What to produce:
Write down, unchanged, the entries from the first line through the line holding "#10=(LENGTH_UNIT() NAMED_UNIT(*) SI_UNIT(.MILLI.,.METRE.));". Include no other line.

Supplied data:
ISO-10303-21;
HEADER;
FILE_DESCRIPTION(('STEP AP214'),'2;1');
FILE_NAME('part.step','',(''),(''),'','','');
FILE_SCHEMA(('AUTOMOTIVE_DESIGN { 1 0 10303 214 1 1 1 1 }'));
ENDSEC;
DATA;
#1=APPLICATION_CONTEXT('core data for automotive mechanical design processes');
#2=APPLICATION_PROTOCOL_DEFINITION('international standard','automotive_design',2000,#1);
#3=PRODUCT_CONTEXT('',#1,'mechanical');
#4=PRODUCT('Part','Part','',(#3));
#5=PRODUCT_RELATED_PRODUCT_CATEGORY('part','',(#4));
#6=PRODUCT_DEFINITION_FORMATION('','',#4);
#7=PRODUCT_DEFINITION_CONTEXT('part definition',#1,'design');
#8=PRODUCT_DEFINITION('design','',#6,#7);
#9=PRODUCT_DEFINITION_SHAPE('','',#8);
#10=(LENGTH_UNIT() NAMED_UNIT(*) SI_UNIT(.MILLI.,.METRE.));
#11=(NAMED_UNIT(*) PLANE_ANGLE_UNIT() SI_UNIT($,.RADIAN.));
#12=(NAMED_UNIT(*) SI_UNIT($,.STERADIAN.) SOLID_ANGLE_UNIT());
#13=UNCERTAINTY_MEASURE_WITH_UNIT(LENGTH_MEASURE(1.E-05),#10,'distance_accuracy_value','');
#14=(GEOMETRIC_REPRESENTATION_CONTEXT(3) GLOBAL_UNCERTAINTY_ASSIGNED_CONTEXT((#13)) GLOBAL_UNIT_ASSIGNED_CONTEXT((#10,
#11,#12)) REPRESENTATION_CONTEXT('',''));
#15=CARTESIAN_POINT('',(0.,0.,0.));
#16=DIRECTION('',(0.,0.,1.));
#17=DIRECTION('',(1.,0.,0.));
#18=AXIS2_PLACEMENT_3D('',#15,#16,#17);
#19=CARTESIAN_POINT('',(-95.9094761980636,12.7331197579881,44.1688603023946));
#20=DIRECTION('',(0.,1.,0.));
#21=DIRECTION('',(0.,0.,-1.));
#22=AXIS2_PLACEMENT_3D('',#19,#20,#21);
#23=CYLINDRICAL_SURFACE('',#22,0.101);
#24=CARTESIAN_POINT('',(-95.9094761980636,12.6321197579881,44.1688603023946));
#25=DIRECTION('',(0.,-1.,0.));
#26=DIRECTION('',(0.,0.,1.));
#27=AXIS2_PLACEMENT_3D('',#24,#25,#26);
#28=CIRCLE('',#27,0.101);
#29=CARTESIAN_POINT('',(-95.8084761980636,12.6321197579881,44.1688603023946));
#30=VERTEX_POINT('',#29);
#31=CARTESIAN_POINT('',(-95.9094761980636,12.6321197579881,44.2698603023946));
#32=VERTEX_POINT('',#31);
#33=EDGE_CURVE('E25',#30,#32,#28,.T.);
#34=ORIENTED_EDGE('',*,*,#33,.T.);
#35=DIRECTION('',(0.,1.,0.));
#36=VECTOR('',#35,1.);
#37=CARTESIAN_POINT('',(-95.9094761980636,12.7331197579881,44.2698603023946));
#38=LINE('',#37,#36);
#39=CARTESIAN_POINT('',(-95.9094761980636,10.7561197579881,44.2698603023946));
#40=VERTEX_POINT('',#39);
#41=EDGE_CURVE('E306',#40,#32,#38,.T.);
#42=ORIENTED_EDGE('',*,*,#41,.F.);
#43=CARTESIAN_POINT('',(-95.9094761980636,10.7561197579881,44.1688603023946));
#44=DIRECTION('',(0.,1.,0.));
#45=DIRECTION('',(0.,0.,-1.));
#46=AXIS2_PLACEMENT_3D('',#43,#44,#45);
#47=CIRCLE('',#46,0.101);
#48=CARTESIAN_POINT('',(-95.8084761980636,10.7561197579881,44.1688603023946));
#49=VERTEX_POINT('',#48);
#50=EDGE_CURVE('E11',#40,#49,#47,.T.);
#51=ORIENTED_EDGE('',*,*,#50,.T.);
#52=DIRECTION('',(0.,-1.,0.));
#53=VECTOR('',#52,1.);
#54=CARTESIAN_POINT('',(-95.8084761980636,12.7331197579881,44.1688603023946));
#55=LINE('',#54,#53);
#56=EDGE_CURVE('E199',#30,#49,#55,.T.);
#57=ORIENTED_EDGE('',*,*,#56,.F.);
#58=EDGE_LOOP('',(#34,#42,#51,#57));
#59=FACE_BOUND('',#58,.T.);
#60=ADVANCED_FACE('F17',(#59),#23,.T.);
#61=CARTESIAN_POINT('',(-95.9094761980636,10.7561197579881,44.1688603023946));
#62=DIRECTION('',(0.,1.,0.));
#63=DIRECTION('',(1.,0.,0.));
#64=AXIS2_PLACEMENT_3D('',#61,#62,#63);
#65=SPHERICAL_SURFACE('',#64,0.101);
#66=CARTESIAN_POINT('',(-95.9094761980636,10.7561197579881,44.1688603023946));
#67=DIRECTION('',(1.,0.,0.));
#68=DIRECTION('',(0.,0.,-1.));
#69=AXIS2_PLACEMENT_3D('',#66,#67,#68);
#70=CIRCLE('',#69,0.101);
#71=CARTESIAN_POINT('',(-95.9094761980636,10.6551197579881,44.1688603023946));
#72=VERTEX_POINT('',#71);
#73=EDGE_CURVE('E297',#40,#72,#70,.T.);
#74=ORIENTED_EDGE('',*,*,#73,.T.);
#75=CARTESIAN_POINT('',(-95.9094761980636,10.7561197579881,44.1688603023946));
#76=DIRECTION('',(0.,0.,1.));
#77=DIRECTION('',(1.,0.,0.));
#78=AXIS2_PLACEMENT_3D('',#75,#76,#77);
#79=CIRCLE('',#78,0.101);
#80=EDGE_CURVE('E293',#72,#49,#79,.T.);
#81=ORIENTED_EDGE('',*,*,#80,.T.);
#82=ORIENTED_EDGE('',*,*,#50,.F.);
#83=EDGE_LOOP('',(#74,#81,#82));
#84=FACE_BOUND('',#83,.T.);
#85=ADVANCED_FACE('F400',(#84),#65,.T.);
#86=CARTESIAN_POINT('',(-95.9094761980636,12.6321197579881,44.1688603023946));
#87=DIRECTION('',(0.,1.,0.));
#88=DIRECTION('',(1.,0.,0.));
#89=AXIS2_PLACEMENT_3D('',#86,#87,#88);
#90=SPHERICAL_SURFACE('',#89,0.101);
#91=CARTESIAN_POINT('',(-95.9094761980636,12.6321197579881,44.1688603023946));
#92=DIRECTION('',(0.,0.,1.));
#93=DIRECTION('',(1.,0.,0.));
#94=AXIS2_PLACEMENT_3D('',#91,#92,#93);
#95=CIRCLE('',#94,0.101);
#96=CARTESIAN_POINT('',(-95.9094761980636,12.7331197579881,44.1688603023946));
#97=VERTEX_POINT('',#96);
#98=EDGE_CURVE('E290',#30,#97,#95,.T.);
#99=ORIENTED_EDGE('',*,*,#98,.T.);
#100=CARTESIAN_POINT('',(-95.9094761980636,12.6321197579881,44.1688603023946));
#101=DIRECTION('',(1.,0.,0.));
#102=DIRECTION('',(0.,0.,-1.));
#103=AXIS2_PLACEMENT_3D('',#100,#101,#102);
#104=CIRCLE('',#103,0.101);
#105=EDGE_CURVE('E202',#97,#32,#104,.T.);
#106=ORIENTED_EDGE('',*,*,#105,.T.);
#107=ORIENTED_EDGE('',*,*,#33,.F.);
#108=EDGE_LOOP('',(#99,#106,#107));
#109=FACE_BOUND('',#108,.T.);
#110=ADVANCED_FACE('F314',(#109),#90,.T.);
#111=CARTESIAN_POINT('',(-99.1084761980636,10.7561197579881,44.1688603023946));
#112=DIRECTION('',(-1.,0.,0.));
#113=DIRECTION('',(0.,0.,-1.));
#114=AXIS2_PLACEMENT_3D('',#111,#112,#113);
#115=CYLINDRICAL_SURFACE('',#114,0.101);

Written response:
ISO-10303-21;
HEADER;
FILE_DESCRIPTION(('STEP AP214'),'2;1');
FILE_NAME('part.step','',(''),(''),'','','');
FILE_SCHEMA(('AUTOMOTIVE_DESIGN { 1 0 10303 214 1 1 1 1 }'));
ENDSEC;
DATA;
#1=APPLICATION_CONTEXT('core data for automotive mechanical design processes');
#2=APPLICATION_PROTOCOL_DEFINITION('international standard','automotive_design',2000,#1);
#3=PRODUCT_CONTEXT('',#1,'mechanical');
#4=PRODUCT('Part','Part','',(#3));
#5=PRODUCT_RELATED_PRODUCT_CATEGORY('part','',(#4));
#6=PRODUCT_DEFINITION_FORMATION('','',#4);
#7=PRODUCT_DEFINITION_CONTEXT('part definition',#1,'design');
#8=PRODUCT_DEFINITION('design','',#6,#7);
#9=PRODUCT_DEFINITION_SHAPE('','',#8);
#10=(LENGTH_UNIT() NAMED_UNIT(*) SI_UNIT(.MILLI.,.METRE.));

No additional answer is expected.